Researchers have discovered that natural “sunscreen” compounds found in algae and cyanobacteria may also support skin and heart health. By comparing two mycosporine-like amino acids, the team showed for the first time that these molecules can block a key enzyme involved in blood pressure control in laboratory tests, while also offering antioxidant and anti-aging effects. The findings open new possibilities for cosmetics and functional foods based on nature-derived ingredients.

 

Natural compounds produced by seaweeds and microscopic organisms have long helped these species survive intense sunlight. Known as mycosporine-like amino acids (MAAs), these molecules act as natural sunscreens by absorbing harmful ultraviolet (UV) radiation and protecting cells from damage. Because of this ability, MAAs have attracted growing interest from scientists and cosmetic companies seeking safer, nature-based alternatives to synthetic UV filters. However, researchers are now discovering that these compounds may do much more than a shield against the sun.

 

The new study, published online on January 19, 2026, in Bioscience, Biotechnology, and Biochemistry, suggests that MAAs may also support skin health and help regulate processes linked to blood pressure. The study was led by Professor Hakuto Kageyama from the Graduate School of Environmental and Human Sciences, Meijo University, Japan. Prof.
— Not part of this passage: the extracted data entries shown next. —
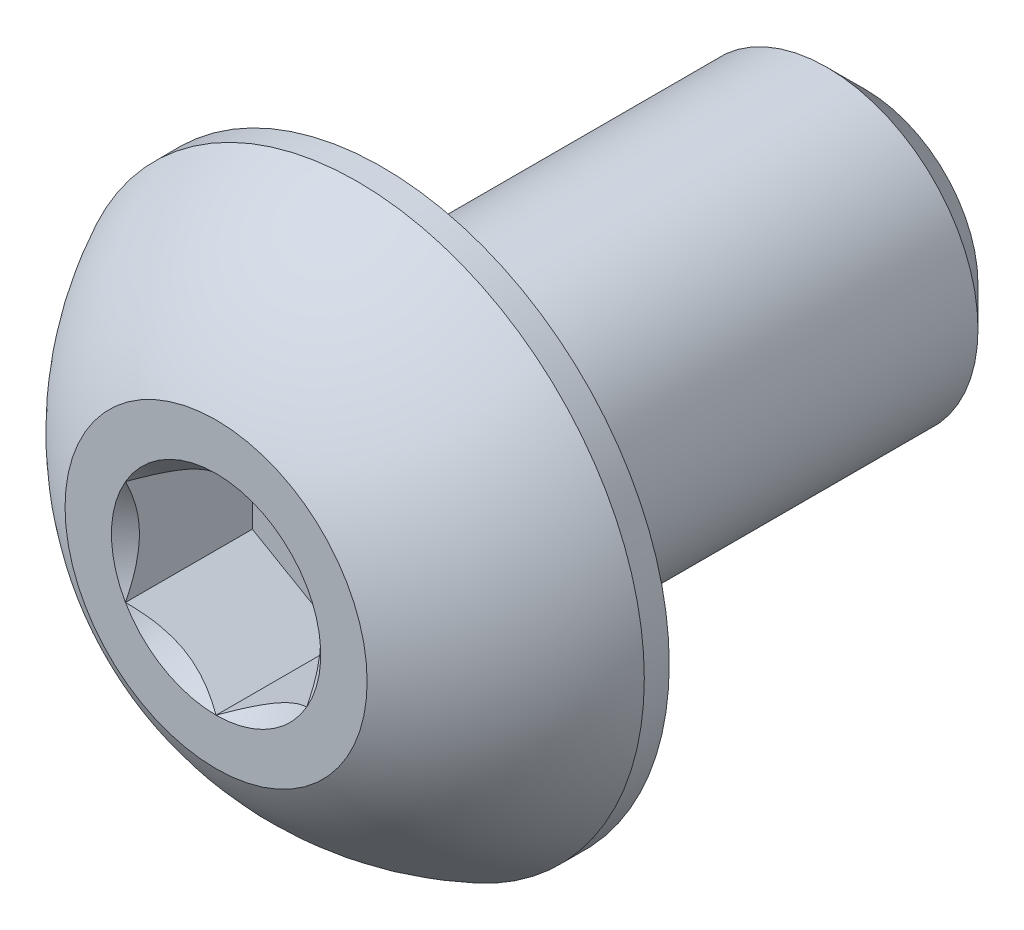
ISO-10303-21;
HEADER;
FILE_DESCRIPTION(('STEP AP214'),'2;1');
FILE_NAME('part.step','',(''),(''),'','','');
FILE_SCHEMA(('AUTOMOTIVE_DESIGN { 1 0 10303 214 1 1 1 1 }'));
ENDSEC;
DATA;
#1=APPLICATION_CONTEXT('core data for automotive mechanical design processes');
#2=APPLICATION_PROTOCOL_DEFINITION('international standard','automotive_design',2000,#1);
#3=PRODUCT_CONTEXT('',#1,'mechanical');
#4=PRODUCT('Part','Part','',(#3));
#5=PRODUCT_RELATED_PRODUCT_CATEGORY('part','',(#4));
#6=PRODUCT_DEFINITION_FORMATION('','',#4);
#7=PRODUCT_DEFINITION_CONTEXT('part definition',#1,'design');
#8=PRODUCT_DEFINITION('design','',#6,#7);
#9=PRODUCT_DEFINITION_SHAPE('','',#8);
#10=(LENGTH_UNIT() NAMED_UNIT(*) SI_UNIT(.MILLI.,.METRE.));
#11=(NAMED_UNIT(*) PLANE_ANGLE_UNIT() SI_UNIT($,.RADIAN.));
#12=(NAMED_UNIT(*) SI_UNIT($,.STERADIAN.) SOLID_ANGLE_UNIT());
#13=UNCERTAINTY_MEASURE_WITH_UNIT(LENGTH_MEASURE(1.E-05),#10,'distance_accuracy_value','');
#14=(GEOMETRIC_REPRESENTATION_CONTEXT(3) GLOBAL_UNCERTAINTY_ASSIGNED_CONTEXT((#13)) GLOBAL_UNIT_ASSIGNED_CONTEXT((#10,
#11,#12)) REPRESENTATION_CONTEXT('',''));
#15=CARTESIAN_POINT('',(0.,0.,0.));
#16=DIRECTION('',(0.,0.,1.));
#17=DIRECTION('',(1.,0.,0.));
#18=AXIS2_PLACEMENT_3D('',#15,#16,#17);
#19=CARTESIAN_POINT('',(0.,0.,5.375));
#20=DIRECTION('',(0.,0.,-1.));
#21=DIRECTION('',(-1.,0.,0.));
#22=AXIS2_PLACEMENT_3D('',#19,#20,#21);
#23=PLANE('',#22);
#24=CARTESIAN_POINT('',(0.,0.,5.375));
#25=DIRECTION('',(0.,0.,1.));
#26=DIRECTION('',(1.,0.,0.));
#27=AXIS2_PLACEMENT_3D('',#24,#25,#26);
#28=CIRCLE('',#27,1.73205080756888);
#29=CARTESIAN_POINT('',(-1.5,0.866025403784439,5.375));
#30=VERTEX_POINT('',#29);
#31=CARTESIAN_POINT('',(-1.5,-0.866025403784439,5.375));
#32=VERTEX_POINT('',#31);
#33=EDGE_CURVE('E130',#30,#32,#28,.T.);
#34=ORIENTED_EDGE('',*,*,#33,.F.);
#35=CARTESIAN_POINT('',(0.,1.73205080756888,5.375));
#36=VERTEX_POINT('',#35);
#37=EDGE_CURVE('E102',#36,#30,#28,.T.);
#38=ORIENTED_EDGE('',*,*,#37,.F.);
#39=CARTESIAN_POINT('',(1.5,0.866025403784439,5.375));
#40=VERTEX_POINT('',#39);
#41=EDGE_CURVE('E93',#40,#36,#28,.T.);
#42=ORIENTED_EDGE('',*,*,#41,.F.);
#43=CARTESIAN_POINT('',(1.5,-0.866025403784439,5.375));
#44=VERTEX_POINT('',#43);
#45=EDGE_CURVE('E54',#44,#40,#28,.T.);
#46=ORIENTED_EDGE('',*,*,#45,.F.);
#47=CARTESIAN_POINT('',(0.,-1.73205080756888,5.375));
#48=VERTEX_POINT('',#47);
#49=EDGE_CURVE('E61',#48,#44,#28,.T.);
#50=ORIENTED_EDGE('',*,*,#49,.F.);
#51=EDGE_CURVE('E131',#32,#48,#28,.T.);
#52=ORIENTED_EDGE('',*,*,#51,.F.);
#53=EDGE_LOOP('',(#34,#38,#42,#46,#50,#52));
#54=FACE_BOUND('',#53,.T.);
#55=CARTESIAN_POINT('',(0.,0.,5.375));
#56=DIRECTION('',(0.,0.,1.));
#57=DIRECTION('',(1.,0.,0.));
#58=AXIS2_PLACEMENT_3D('',#55,#56,#57);
#59=CIRCLE('',#58,2.5);
#60=CARTESIAN_POINT('',(0.,2.5,5.375));
#61=VERTEX_POINT('',#60);
#62=EDGE_CURVE('E48',#61,#61,#59,.T.);
#63=ORIENTED_EDGE('',*,*,#62,.T.);
#64=EDGE_LOOP('',(#63));
#65=FACE_BOUND('',#64,.T.);
#66=ADVANCED_FACE('F35',(#54,#65),#23,.F.);
#67=CARTESIAN_POINT('',(0.,0.,0.716945187165779));
#68=DIRECTION('',(0.,0.,1.));
#69=DIRECTION('',(0.,1.,0.));
#70=AXIS2_PLACEMENT_3D('',#67,#68,#69);
#71=SPHERICAL_SURFACE('',#70,5.28653711226622);
#72=CARTESIAN_POINT('',(0.,0.,3.0375));
#73=DIRECTION('',(0.,0.,1.));
#74=DIRECTION('',(1.,0.,0.));
#75=AXIS2_PLACEMENT_3D('',#72,#73,#74);
#76=CIRCLE('',#75,4.75);
#77=CARTESIAN_POINT('',(0.,4.75,3.0375));
#78=VERTEX_POINT('',#77);
#79=EDGE_CURVE('E213',#78,#78,#76,.T.);
#80=CARTESIAN_POINT('',(0.,2.5,5.375));
#81=CARTESIAN_POINT('',(0.,2.53026679982017,5.35875571754439));
#82=CARTESIAN_POINT('',(0.,2.56037522904968,5.34221635879359));
#83=CARTESIAN_POINT('',(0.,2.62026400427657,5.30855394811782));
#84=CARTESIAN_POINT('',(0.,2.65004435027396,5.29143089619285));
#85=CARTESIAN_POINT('',(0.,2.70926561698584,5.25660755858496));
#86=CARTESIAN_POINT('',(0.,2.73870653770032,5.23890727290205));
#87=CARTESIAN_POINT('',(0.,2.79723777417103,5.20293620595506));
#88=CARTESIAN_POINT('',(0.,2.82632808992726,5.18466542469098));
#89=CARTESIAN_POINT('',(0.,2.8841470610759,5.14756030560733));
#90=CARTESIAN_POINT('',(0.,2.91287571646831,5.12872596778776));
#91=CARTESIAN_POINT('',(0.,2.96996045130293,5.09050089302141));
#92=CARTESIAN_POINT('',(0.,2.99831653074515,5.07111015607464));
#93=CARTESIAN_POINT('',(0.,3.05464533901891,5.03177965075515));
#94=CARTESIAN_POINT('',(0.,3.08261806785047,5.01183988238244));
#95=CARTESIAN_POINT('',(0.,3.13816954607727,4.97141889083541));
#96=CARTESIAN_POINT('',(0.,3.16574829547251,4.9509376676611));
#97=CARTESIAN_POINT('',(0.,3.22050133565615,4.90944154879096));
#98=CARTESIAN_POINT('',(0.,3.24767562644455,4.88842665309514));
#99=CARTESIAN_POINT('',(0.,3.30160942393942,4.84587117426482));
#100=CARTESIAN_POINT('',(0.,3.32836893064589,4.82433059113032));
#101=CARTESIAN_POINT('',(0.,3.38146299210494,4.78073192224629));
#102=CARTESIAN_POINT('',(0.,3.40779754685753,4.75867383649676));
#103=CARTESIAN_POINT('',(0.,3.46003169800773,4.71404854384449));
#104=CARTESIAN_POINT('',(0.,3.48593129440535,4.69148133694177));
#105=CARTESIAN_POINT('',(0.,3.53728568771641,4.64584637689649));
#106=CARTESIAN_POINT('',(0.,3.56274048462986,4.62277862375395));
#107=CARTESIAN_POINT('',(0.,3.61319560685493,4.57615133633622));
#108=CARTESIAN_POINT('',(0.,3.63819593216655,4.55259180206105));
#109=CARTESIAN_POINT('',(0.,3.68773261175691,4.50498990434842));
#110=CARTESIAN_POINT('',(0.,3.71226896603565,4.48094754091097));
#111=CARTESIAN_POINT('',(0.,3.76086838042534,4.43238912030588));
#112=CARTESIAN_POINT('',(0.,3.78493144053629,4.40787306313825));
#113=CARTESIAN_POINT('',(0.,3.83257512329416,4.35837657049535));
#114=CARTESIAN_POINT('',(0.,3.85615574594108,4.33339613502009));
#115=CARTESIAN_POINT('',(0.,3.90282559378753,4.28298037763541));
#116=CARTESIAN_POINT('',(0.,3.92591481898706,4.25754505572599));
#117=CARTESIAN_POINT('',(0.,3.97159309867276,4.2062291901907));
#118=CARTESIAN_POINT('',(0.,3.99418215315894,4.18034864656483));
#119=CARTESIAN_POINT('',(0.,4.03885150820303,4.12815217148627));
#120=CARTESIAN_POINT('',(0.,4.06093180876093,4.10183624003358));
#121=CARTESIAN_POINT('',(0.,4.10457526604591,4.04877898862629));
#122=CARTESIAN_POINT('',(0.,4.12613842277298,4.0220376686717));
#123=CARTESIAN_POINT('',(0.,4.16873939899417,3.96813980122146));
#124=CARTESIAN_POINT('',(0.,4.1897772184883,3.94098325372581));
#125=CARTESIAN_POINT('',(0.,4.23131952645464,3.88626524992901));
#126=CARTESIAN_POINT('',(0.,4.25182401492686,3.85870379362786));
#127=CARTESIAN_POINT('',(0.,4.29229186971308,3.8031864448106));
#128=CARTESIAN_POINT('',(0.,4.31225523602708,3.7752305522945));
#129=CARTESIAN_POINT('',(0.,4.35163326096594,3.71893495350959));
#130=CARTESIAN_POINT('',(0.,4.3710479195908,3.6905952472408));
#131=CARTESIAN_POINT('',(0.,4.40932115213664,3.63354278926291));
#132=CARTESIAN_POINT('',(0.,4.42817972605762,3.60483003755382));
#133=CARTESIAN_POINT('',(0.,4.46533362339398,3.54704239871169));
#134=CARTESIAN_POINT('',(0.,4.48362894680934,3.51796751157864));
#135=CARTESIAN_POINT('',(0.,4.51964939166499,3.45946664966676));
#136=CARTESIAN_POINT('',(0.,4.53737451310527,3.43004067488792));
#137=CARTESIAN_POINT('',(0.,4.57224781803529,3.37084881826763));
#138=CARTESIAN_POINT('',(0.,4.58939600152503,3.34108293642618));
#139=CARTESIAN_POINT('',(0.,4.62310891815402,3.28122257765293));
#140=CARTESIAN_POINT('',(0.,4.63967365129327,3.25112810072113));
#141=CARTESIAN_POINT('',(0.,4.67221336026297,3.19062198025982));
#142=CARTESIAN_POINT('',(0.,4.68818833609342,3.16021033673031));
#143=CARTESIAN_POINT('',(0.,4.71954250823692,3.09908146319351));
#144=CARTESIAN_POINT('',(0.,4.73492170454996,3.06836423318622));
#145=CARTESIAN_POINT('',(0.,4.75,3.0375));
#146=B_SPLINE_CURVE_WITH_KNOTS('',3,(#80,#81,#82,#83,#84,#85,#86,#87,#88,#89,#90,#91,#92,#93,
#94,#95,#96,#97,#98,#99,#100,#101,#102,#103,#104,#105,#106,#107,#108,#109,#110,#111,#112,#113,
#114,#115,#116,#117,#118,#119,#120,#121,#122,#123,#124,#125,#126,#127,#128,#129,#130,#131,#132,
#133,#134,#135,#136,#137,#138,#139,#140,#141,#142,#143,#144,#145),.UNSPECIFIED.,.F.,.F.,(4,2,2,
2,2,2,2,2,2,2,2,2,2,2,2,2,2,2,2,2,2,2,2,2,2,2,2,2,2,2,2,2,4),(0.,0.103049823637829,
0.20609964727566,0.309149470913491,0.412199294551322,0.515249118189151,0.618298941826982,
0.721348765464812,0.824398589102642,0.927448412740474,1.0304982363783,1.13354806001613,
1.23659788365396,1.33964770729179,1.44269753092962,1.54574735456745,1.64879717820529,
1.75184700184312,1.85489682548095,1.95794664911878,2.06099647275661,2.16404629639444,
2.26709612003227,2.3701459436701,2.47319576730793,2.57624559094576,2.67929541458359,
2.78234523822142,2.88539506185925,2.98844488549708,3.09149470913491,3.19454453277274,
3.29759435641057),.UNSPECIFIED.);
#147=EDGE_CURVE('BSEAM218',#61,#78,#146,.T.);
#148=ORIENTED_EDGE('',*,*,#62,.F.);
#149=ORIENTED_EDGE('',*,*,#79,.T.);
#150=ORIENTED_EDGE('',*,*,#147,.T.);
#151=ORIENTED_EDGE('',*,*,#147,.F.);
#152=EDGE_LOOP('',(#148,#150,#149,#151));
#153=FACE_BOUND('',#152,.T.);
#154=ADVANCED_FACE('F218',(#153),#71,.T.);
#155=CARTESIAN_POINT('',(0.,0.,5.375));
#156=DIRECTION('',(0.,0.,1.));
#157=DIRECTION('',(1.,0.,0.));
#158=AXIS2_PLACEMENT_3D('',#155,#156,#157);
#159=CYLINDRICAL_SURFACE('',#158,4.75);
#160=ORIENTED_EDGE('',*,*,#79,.F.);
#161=EDGE_LOOP('',(#160));
#162=FACE_BOUND('',#161,.T.);
#163=CARTESIAN_POINT('',(0.,0.,2.625));
#164=DIRECTION('',(0.,0.,1.));
#165=DIRECTION('',(1.,0.,0.));
#166=AXIS2_PLACEMENT_3D('',#163,#164,#165);
#167=CIRCLE('',#166,4.75);
#168=CARTESIAN_POINT('',(4.75,0.,2.625));
#169=VERTEX_POINT('',#168);
#170=EDGE_CURVE('E210',#169,#169,#167,.T.);
#171=ORIENTED_EDGE('',*,*,#170,.T.);
#172=EDGE_LOOP('',(#171));
#173=FACE_BOUND('',#172,.T.);
#174=ADVANCED_FACE('F221',(#162,#173),#159,.T.);
#175=CARTESIAN_POINT('',(0.,2.5,2.625));
#176=DIRECTION('',(0.,0.,1.));
#177=DIRECTION('',(1.,0.,0.));
#178=AXIS2_PLACEMENT_3D('',#175,#176,#177);
#179=PLANE('',#178);
#180=ORIENTED_EDGE('',*,*,#170,.F.);
#181=EDGE_LOOP('',(#180));
#182=FACE_BOUND('',#181,.T.);
#183=CARTESIAN_POINT('',(0.,0.,2.625));
#184=DIRECTION('',(0.,0.,1.));
#185=DIRECTION('',(1.,0.,0.));
#186=AXIS2_PLACEMENT_3D('',#183,#184,#185);
#187=CIRCLE('',#186,2.5);
#188=CARTESIAN_POINT('',(2.5,0.,2.625));
#189=VERTEX_POINT('',#188);
#190=EDGE_CURVE('E207',#189,#189,#187,.T.);
#191=ORIENTED_EDGE('',*,*,#190,.T.);
#192=EDGE_LOOP('',(#191));
#193=FACE_BOUND('',#192,.T.);
#194=ADVANCED_FACE('F226',(#182,#193),#179,.F.);
#195=CARTESIAN_POINT('',(0.,0.,5.375));
#196=DIRECTION('',(0.,0.,1.));
#197=DIRECTION('',(1.,0.,0.));
#198=AXIS2_PLACEMENT_3D('',#195,#196,#197);
#199=CYLINDRICAL_SURFACE('',#198,2.5);
#200=ORIENTED_EDGE('',*,*,#190,.F.);
#201=EDGE_LOOP('',(#200));
#202=FACE_BOUND('',#201,.T.);
#203=CARTESIAN_POINT('',(0.,0.,-4.735));
#204=DIRECTION('',(0.,0.,1.));
#205=DIRECTION('',(1.,0.,0.));
#206=AXIS2_PLACEMENT_3D('',#203,#204,#205);
#207=CIRCLE('',#206,2.5);
#208=CARTESIAN_POINT('',(2.5,0.,-4.735));
#209=VERTEX_POINT('',#208);
#210=EDGE_CURVE('E204',#209,#209,#207,.T.);
#211=ORIENTED_EDGE('',*,*,#210,.T.);
#212=EDGE_LOOP('',(#211));
#213=FACE_BOUND('',#212,.T.);
#214=ADVANCED_FACE('F232',(#202,#213),#199,.T.);
#215=CARTESIAN_POINT('',(0.,0.,-5.375));
#216=DIRECTION('',(0.,0.,1.));
#217=DIRECTION('',(1.,0.,0.));
#218=AXIS2_PLACEMENT_3D('',#215,#216,#217);
#219=CONICAL_SURFACE('',#218,1.86000000000001,0.785398163397443);
#220=ORIENTED_EDGE('',*,*,#210,.F.);
#221=EDGE_LOOP('',(#220));
#222=FACE_BOUND('',#221,.T.);
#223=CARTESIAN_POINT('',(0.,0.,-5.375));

Kageyama says, “We discovered that MAAs can inhibit angiotensin-converting enzyme, suggesting a previously unrecognized potential for blood-pressure–related health benefits.”

 

Angiotensin-converting enzyme (ACE) plays an important role in controlling blood pressure by regulating how blood vessels tighten and relax. Many commonly prescribed medicines for hypertension work by blocking this enzyme. Finding ACE-inhibiting activity in naturally occurring compounds is therefore of strong interest in nutrition and health research. MAAs are produced by algae and cyanobacteria as part of their natural defense system against sunlight. While more than 70 types of MAAs have been identified, most commercial products rely on only a few well-known forms. Many chemically modified versions remain poorly understood, even though small structural changes can strongly affect how these molecules behave in the body.

 

To explore this, the research team compared two MAAs with different chemical structures. One was porphyra-334, a typical MAA commonly found in edible seaweed. The other was GlcHMS326, an atypically modified MAA that contains additional chemical groups. These modifications slightly alter the molecule’s shape and properties. The researchers first purified both compounds from natural sources. Porphyra-334 was extracted from dried seaweed, while GlcHMS326 was isolated from a cyanobacterium collected from a hot spring in Thailand. They then tested how the compounds responded to heat and light and evaluated their biological activities using established laboratory methods.

 

Several experiments focused on antioxidant activity, which reflects a compound’s ability to neutralize unstable molecules called free radicals. These molecules can damage cells and contribute to aging and disease. The team found that GlcHMS326 acted as a strong but slow-working antioxidant, suggesting sustained rather than immediate activity, while porphyra-334 showed weaker antioxidant effects.

 

The researchers also examined antiglycation activity. Glycation is a process in which sugar molecules bind to proteins, reducing their flexibility and function. This process plays a role in skin aging and some chronic diseases. In these tests, porphyra-334 was more effective than GlcHMS326 at preventing protein damage.

 

In addition, both MAAs were tested for their ability to block collagenase, an enzyme that breaks down collagen and contributes to wrinkle formation. GlcHMS326 showed stronger collagenase inhibition, suggesting potential anti-aging benefits.

 

One of the most notable findings came from experiments on ACE inhibition. Both compounds reduced the activity of this enzyme in laboratory tests, marking the first report of such an effect for MAAs. Although the observed effects were moderate and measured outside the human body, the discovery opens a new direction for future research. “Our data further support their potential as multifunctional ‘natural sunscreen’ ingredients,” says Prof. Kageyama. “Chemical modifications can substantially shift their functional profiles.”

 

The researchers emphasize that their findings are based on controlled laboratory experiments. Further studies are needed to determine whether similar effects occur in living organisms and whether practical doses can be achieved through food or cosmetic products. Still, the results are encouraging. Porphyra-334 is abundant in edible seaweed, which is already consumed widely in many countries. This raises the possibility that everyday foods may contain underappreciated bioactive compounds worthy of further health-related research.

 

Overall, the study provides new insight into how natural sun-protective molecules can serve multiple biological roles. By revealing how small chemical differences shape their activity, the research lays the groundwork for developing next-generation cosmetic products and functional foods inspired by nature.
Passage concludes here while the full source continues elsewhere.